Mesa Musings: The dance floor beckons
I can’t dance. Not a lick.
But that’s not always been the case.
As a student at Lindbergh Elementary School in Costa Mesa from 1952-56, we received square dance and social dance lessons on rainy afternoons. I discovered that I enjoyed the sensation of holding a girl in my arms.
When I attended Everett A. Rea Junior High School from 1956-58, I took regular social dance lessons — and became rather adept. I learned all the popular moves from swing and waltz to foxtrot and cha-cha.
At Costa Mesa High School from 1958-62, I regularly attended the school’s sock hops in the gym and its proms.
As a high school senior, I had a lead role in our spring musical, an original production about life on a 1960s high school campus. The show included a gymnasium dance scene.
I portrayed a somewhat flamboyant character and, during the dance scene, presented an outrageous (for the time) rendition of the Surfer Stomp. My antics elicited laughter and applause.
In the Army, I occasionally spent evenings at the post’s nightclub. My buddies laughed at my limber, unorthodox dance moves.
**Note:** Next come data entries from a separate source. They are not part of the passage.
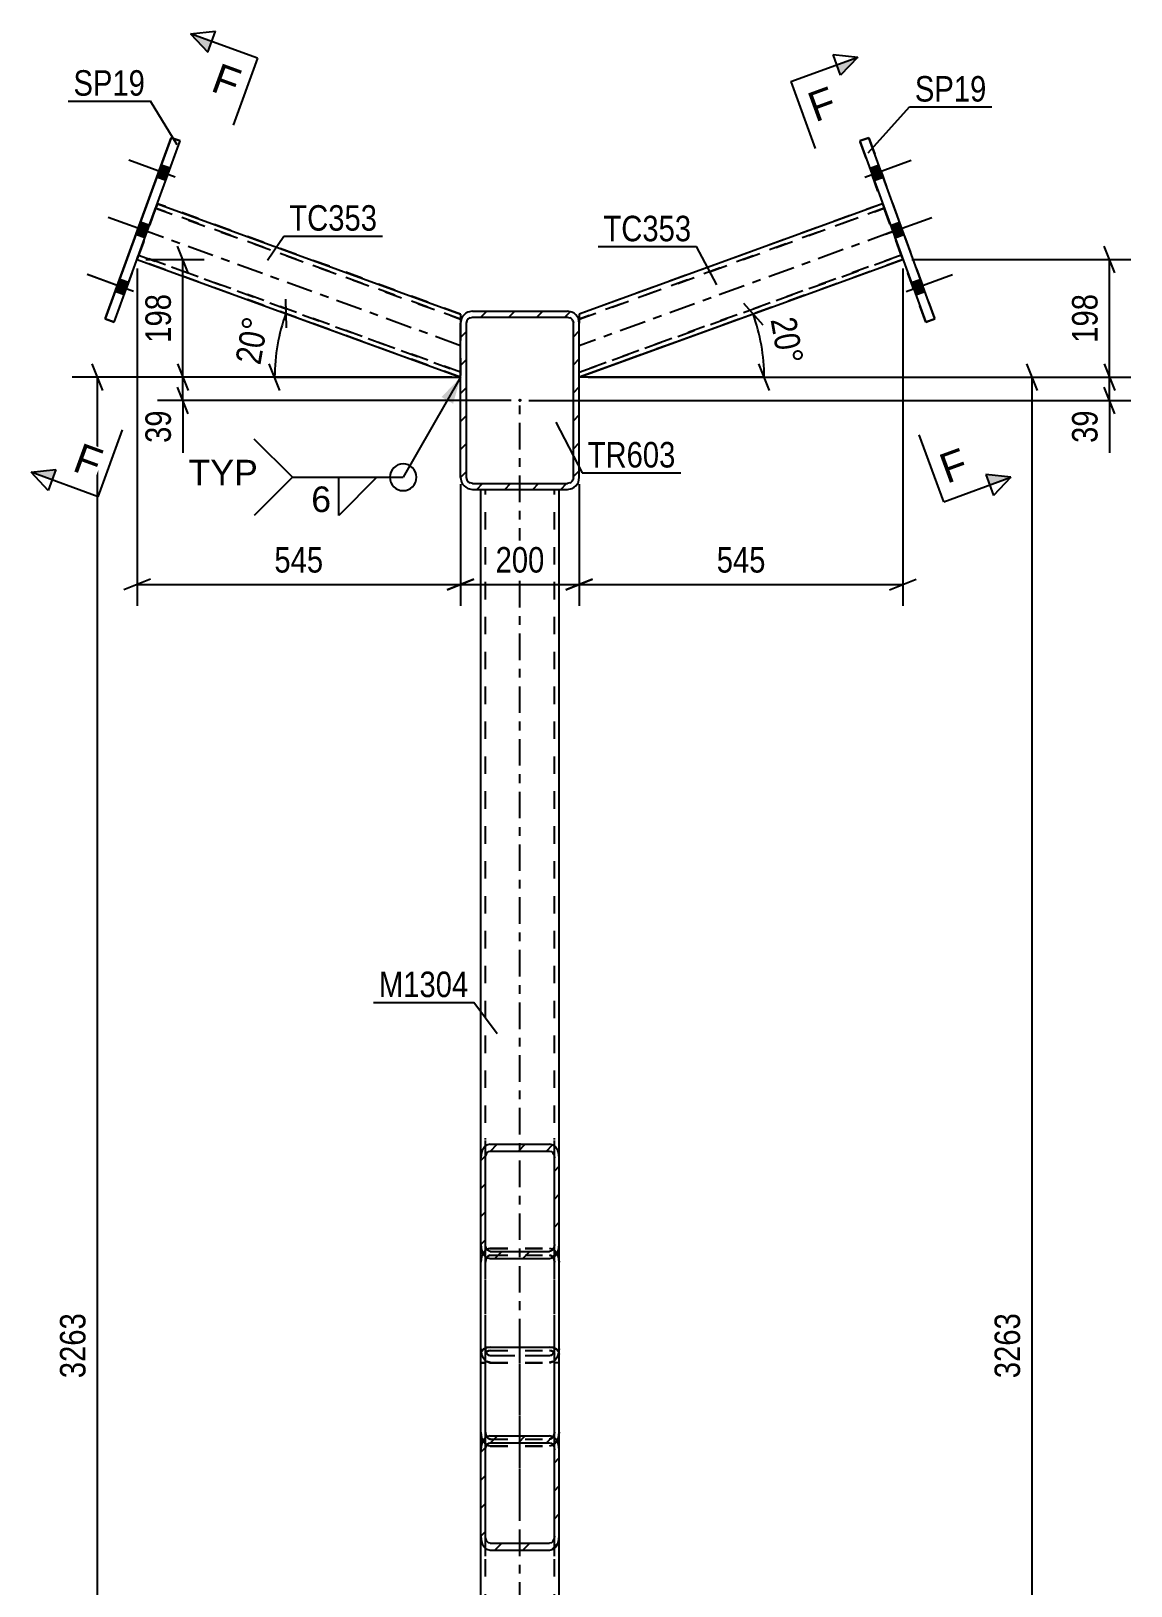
# Model space of a CAD drawing. Header units: millimetres. Extents: x 0 to 841, y 0 to 594.
# Drawn here: x 367.9 to 491.3, y 160.1 to 334.7 of the extents above; entities that cross this region are included whole.
import ezdxf

# ---------------------------------------------------------------- set-up
doc = ezdxf.new("R2010")
doc.units = ezdxf.units.MM
doc.linetypes.add('DXK_LINE_DOT2', pattern=[3.9198, 1.9599, -1.9599])
doc.linetypes.add('DXK_LINE_DOT3', pattern=[5.9187, 2.979, -0.9799, 0.9799, -0.9799])
doc.styles.add('Arial', font='arial.ttf', dxfattribs={"height": 0.2})
doc.styles.add('Arial Narrow', font='ARIALN.TTF', dxfattribs={"height": 0.2})

# ---------------------------------------------------------------- blocks, each defined once
blk = doc.blocks.new('Part-761543086-3606 - 3516')
at = {"color": 7, "linetype": 'DXK_LINE_DOT3'}
blk.add_line((422.75, 168.31), (422.75, 189.53), dxfattribs=at)
at = {"color": 7, "linetype": 'DXK_LINE_DOT2'}
for p, q in [((419.01, 186.86), (418.66, 186.69)), ((419.41, 186.92), (419.01, 186.86)), ((419.41, 186.92), (426.08, 186.92)), ((426.49, 186.86), (426.08, 186.92)), ((426.84, 186.69), (426.49, 186.86)), ((418.43, 186.44), (418.35, 186.14)), ((418.35, 163.45), (418.35, 186.14)), ((418.35, 185.17), (418.88, 185.17)), ((418.66, 186.69), (418.43, 186.44)), ((418.88, 186.14), (418.92, 186.29)), ((418.88, 163.45), (418.88, 186.14)), ((418.92, 186.29), (419.04, 186.42)), ((419.04, 186.42), (419.21, 186.5)), ((419.21, 186.5), (419.41, 186.53)), ((419.41, 186.53), (426.08, 186.53)), ((426.08, 186.53), (426.29, 186.5)), ((426.29, 186.5), (426.46, 186.42)), ((426.46, 186.42), (426.57, 186.29)), ((426.57, 186.29), (426.61, 186.14)), ((426.61, 163.45), (426.61, 186.14)), ((427.15, 185.17), (426.61, 185.17)), ((427.07, 186.44), (426.84, 186.69)), ((427.15, 186.14), (427.07, 186.44)), ((427.15, 163.45), (427.15, 186.14)), ((418.35, 177.38), (418.43, 176.78)), ((418.92, 177.08), (418.88, 177.38)), ((419.41, 176.6), (419.21, 176.66)), ((419.41, 176.6), (426.08, 176.6)), ((426.29, 176.66), (426.08, 176.6)), ((426.61, 177.38), (426.57, 177.08)), ((427.07, 176.78), (427.15, 177.38)), ((419.01, 175.94), (419.21, 175.88)), ((419.21, 175.88), (419.41, 175.82)), ((419.41, 175.82), (426.08, 175.82)), ((426.08, 175.82), (426.46, 175.93)), ((426.46, 175.93), (426.49, 175.94))]:
    blk.add_line(p, q, dxfattribs=at)
for centre, radius, start, end in [((419.81, 177.11), 1.42, 193.295, 235.5337), ((419.61, 177.25), 0.709, 193.295, 235.5337), ((425.88, 177.25), 0.709, 304.4663, 346.705), ((425.69, 177.11), 1.42, 304.4663, 346.705)]:
    blk.add_arc(centre, radius, start, end, dxfattribs=at)
blk = doc.blocks.new('Bolt-761543086-3605 - 3516')
at = {"linetype": 'Continuous'}
for points in [[(462.02, 319.31), (462.52, 317.94), (463.52, 318.3), (463.02, 319.68)], [(462.02, 319.31), (462.52, 317.94), (463.52, 318.3), (463.02, 319.68)], [(462.02, 319.31), (462.52, 317.94), (463.52, 318.3), (463.02, 319.68)], [(464.36, 312.89), (464.86, 311.52), (465.86, 311.88), (465.36, 313.26)], [(464.36, 312.89), (464.86, 311.52), (465.86, 311.88), (465.36, 313.26)], [(466.7, 306.47), (467.2, 305.09), (468.2, 305.46), (467.7, 306.84)], [(466.7, 306.47), (467.2, 305.09), (468.2, 305.46), (467.7, 306.84)], [(466.7, 306.47), (467.2, 305.09), (468.2, 305.46), (467.7, 306.84)]]:
    blk.add_hatch(color=1, dxfattribs=at).paths.add_polyline_path(points)
at = {"color": 1, "linetype": 'Continuous'}
for p, q in [((461.46, 318.33), (466.66, 320.22)), ((461.46, 318.33), (466.66, 320.22)), ((461.46, 318.33), (466.66, 320.22)), ((462.02, 319.31), (463.02, 319.68)), ((462.02, 319.31), (463.02, 319.68)), ((462.02, 319.31), (463.02, 319.68)), ((462.52, 317.94), (463.52, 318.3)), ((462.52, 317.94), (463.52, 318.3)), ((462.52, 317.94), (463.52, 318.3)), ((463.79, 311.91), (468.99, 313.8)), ((463.79, 311.91), (468.99, 313.8)), ((464.36, 312.89), (465.36, 313.26)), ((464.36, 312.89), (465.36, 313.26)), ((464.86, 311.52), (465.86, 311.88)), ((464.86, 311.52), (465.86, 311.88)), ((466.13, 305.49), (471.33, 307.38)), ((466.13, 305.49), (471.33, 307.38)), ((466.13, 305.49), (471.33, 307.38)), ((466.7, 306.47), (467.7, 306.84)), ((466.7, 306.47), (467.7, 306.84)), ((466.7, 306.47), (467.7, 306.84)), ((467.2, 305.09), (468.2, 305.46)), ((467.2, 305.09), (468.2, 305.46)), ((467.2, 305.09), (468.2, 305.46))]:
    blk.add_line(p, q, dxfattribs=at)
blk = doc.blocks.new('Part-761543086-3530 - 3516')
at = {"color": 7, "linetype": 'DXK_LINE_DOT2'}
for p, q in [((381.79, 314.69), (379.93, 309.57)), ((381.8, 314.72), (379.97, 309.69)), ((381.8, 314.72), (379.97, 309.69)), ((381.84, 314.84), (379.98, 309.72)), ((381.83, 314.8), (381.79, 314.69)), ((381.8, 314.72), (382, 315.26)), ((381.92, 315.04), (381.8, 314.72)), ((381.84, 314.84), (381.83, 314.8)), ((381.84, 314.84), (416.08, 302.37)), ((416.08, 302.37), (381.84, 314.84)), ((381.84, 314.84), (381.84, 314.84)), ((382, 315.26), (381.92, 315.04)), ((382.03, 315.34), (382, 315.26)), ((382, 315.26), (382.03, 315.34)), ((416.08, 302.94), (382.03, 315.34)), ((382.03, 315.34), (382.03, 315.34)), ((379.77, 309.15), (379.75, 309.07)), ((379.75, 309.07), (379.78, 309.15)), ((379.97, 309.69), (379.77, 309.15)), ((379.78, 309.15), (379.85, 309.37)), ((379.85, 309.37), (379.97, 309.69)), ((379.93, 309.57), (379.94, 309.61)), ((379.93, 309.57), (416.08, 296.41)), ((416.08, 296.41), (379.93, 309.57)), ((379.93, 309.57), (379.93, 309.57)), ((379.94, 309.61), (379.98, 309.72)), ((416.08, 295.85), (379.75, 309.07)), ((379.75, 309.07), (379.75, 309.07)), ((416.08, 302.94), (416.08, 302.61)), ((416.08, 302.37), (416.08, 302.37)), ((416.08, 301.92), (416.08, 295.85)), ((416.08, 296.41), (416.08, 296.41)), ((416.08, 295.85), (416.08, 295.85))]:
    blk.add_line(p, q, dxfattribs=at)
at = {"color": 2, "linetype": 'Continuous'}
for p, q in [((382.03, 315.34), (416.08, 302.94)), ((379.75, 309.07), (416.08, 295.85)), ((416.08, 302.94), (416.08, 302.94)), ((416.08, 302.94), (416.08, 301.92))]:
    blk.add_line(p, q, dxfattribs=at)
at = {"color": 7, "linetype": 'DXK_LINE_DOT3'}
blk.add_line((416.08, 299.39), (380.89, 312.2), dxfattribs=at)
blk = doc.blocks.new('Part-761543086-3536 - 3516')
at = {"linetype": 'Continuous'}
h = blk.add_hatch(dxfattribs=at)
h.set_pattern_fill('', scale=0.7, style=0, pattern_type=0)
h.set_pattern_definition([(45, (418.348, 165.672), (-1.57154, 1.57154), [])])
h.paths.add_polyline_path([(418.35, 175.4), (418.35, 165.67), (418.43, 165.08), (418.66, 164.57), (419.01, 164.23), (419.41, 164.11), (426.08, 164.11), (426.49, 164.23), (426.84, 164.57), (427.07, 165.08), (427.15, 165.67), (427.15, 175.4), (427.07, 176), (426.84, 176.5), (426.49, 176.84), (426.08, 176.96), (419.41, 176.96), (419.01, 176.84), (418.66, 176.5), (418.43, 176)])
h.paths.add_polyline_path([(419.04, 175.95), (419.21, 176.12), (419.41, 176.18), (426.08, 176.18), (426.29, 176.12), (426.46, 175.95), (426.57, 175.7), (426.61, 175.4), (426.61, 165.67), (426.57, 165.37), (426.46, 165.12), (426.29, 164.95), (426.08, 164.89), (419.41, 164.89), (419.21, 164.95), (419.04, 165.12), (418.92, 165.37), (418.88, 165.67), (418.88, 175.4), (418.92, 175.7)])
at = {"color": 2, "linetype": 'Continuous'}
for p, q in [((418.66, 186.69), (419.01, 186.86)), ((419.01, 186.86), (419.41, 186.92)), ((419.41, 186.92), (426.08, 186.92)), ((426.08, 186.92), (426.49, 186.86)), ((426.49, 186.86), (426.84, 186.69)), ((418.35, 186.14), (418.43, 186.44)), ((418.35, 175.4), (418.35, 186.14)), ((418.43, 186.44), (418.66, 186.69)), ((426.84, 186.69), (427.07, 186.44)), ((427.07, 186.44), (427.15, 186.14)), ((427.15, 175.4), (427.15, 186.14)), ((419.41, 176.96), (419.01, 176.84)), ((419.41, 176.96), (426.08, 176.96)), ((426.49, 176.84), (426.08, 176.96)), ((418.43, 176), (418.35, 175.4)), ((418.35, 165.67), (418.35, 175.4)), ((418.88, 175.4), (418.92, 175.7)), ((418.88, 165.67), (418.88, 175.4)), ((419.21, 176.12), (419.41, 176.18)), ((419.41, 176.18), (426.08, 176.18)), ((426.08, 176.18), (426.29, 176.12)), ((426.57, 175.7), (426.61, 175.4)), ((426.61, 165.67), (426.61, 175.4)), ((427.15, 175.4), (427.07, 176)), ((427.15, 165.67), (427.15, 175.4)), ((418.35, 165.67), (418.43, 165.08)), ((418.92, 165.37), (418.88, 165.67)), ((419.01, 164.23), (419.41, 164.11)), ((419.41, 164.89), (419.21, 164.95)), ((419.41, 164.89), (426.08, 164.89)), ((426.29, 164.95), (426.08, 164.89)), ((426.08, 164.11), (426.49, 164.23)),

Later, following my military service, I danced at galas and banquets associated with my profession. A longtime colleague referred to me, with no small measure of envy, as “The Poor Man’s Michael Jackson.”
I danced at the weddings of each of my three daughters. I was never shy about hoofing it in public.
Recently, my wife, Hedy, and I attended the wedding of our niece. I didn’t dance. It wasn’t that I didn’t want to. Put simply, it’s because I’m no longer able to.
I’m completely devoid of rhythm.
How, you ask, does one lose his rhythm?
More than five years ago I was diagnosed with Parkinson’s disease. Parkinson’s is a degenerative brain disorder that occurs when certain nerve cells die or become impaired. The cells produce a chemical — dopamine — that facilitates smooth, coordinated body movement.
Daily, my body subtly sheds dexterity.
The disease is progressive and has no cure. Patients exhibit such symptoms as tremors or shaking, slowness of movement, rigidity or stiffness, and balance difficulties. Other signs include a shuffling gate, cognitive problems or muffled speech.
My Parkinson’s symptoms have conspired to rob me of my dancing ability. Oh, I can get out on the floor and perambulate a little, but I can’t make a statement. Not like I used to!
At our niece’s wedding, I realized just how much I miss being able to dance. It’s not something that I routinely ruminate about, but my “lost ability” caused me considerable regret at the high-energy wedding reception.
I still experience within my soul the beat or pulsating rhythm of a musical piece, but am unable to adequately interpret it with my body.
I lack fluidity and ease of movement. My legs are mildly rigid.
My father, who suffered from Parkinson’s for more than a decade and died shortly after I was diagnosed, reached a point in his later years when he was unable to walk without the assistance of an aide or a walker. I’m not there, but I could be on his glide path.
I relayed my wedding reception experience to my neurologist during a recent visit. She refused to join me in my pity party.
“What a great opportunity, Jim,” she enthused (she’s always enthusing — she’s an ever-abiding enthusiast!). “I just happen to know of a new dance class being offered especially for Parkinson’s patients. Let’s get you signed up!”
My wife shared her zeal.
“Yeah, but will I get my fluidity back?” I stipulated. “I’ve lost my mojo!”
“No guarantees,” was my neurologist’s rejoinder. There never are with this vile disease. “But maybe you’ll become a better dancer than you were at the reception. And that’s something to shoot for.”
Baby steps.
Life, I’ve learned, brings changes — not all of them welcome. Everything this side of eternity is provisional.
But one should never give up fighting for one’s mojo!
JIM CARNETT lives in Costa Mesa. His column runs Tuesdays.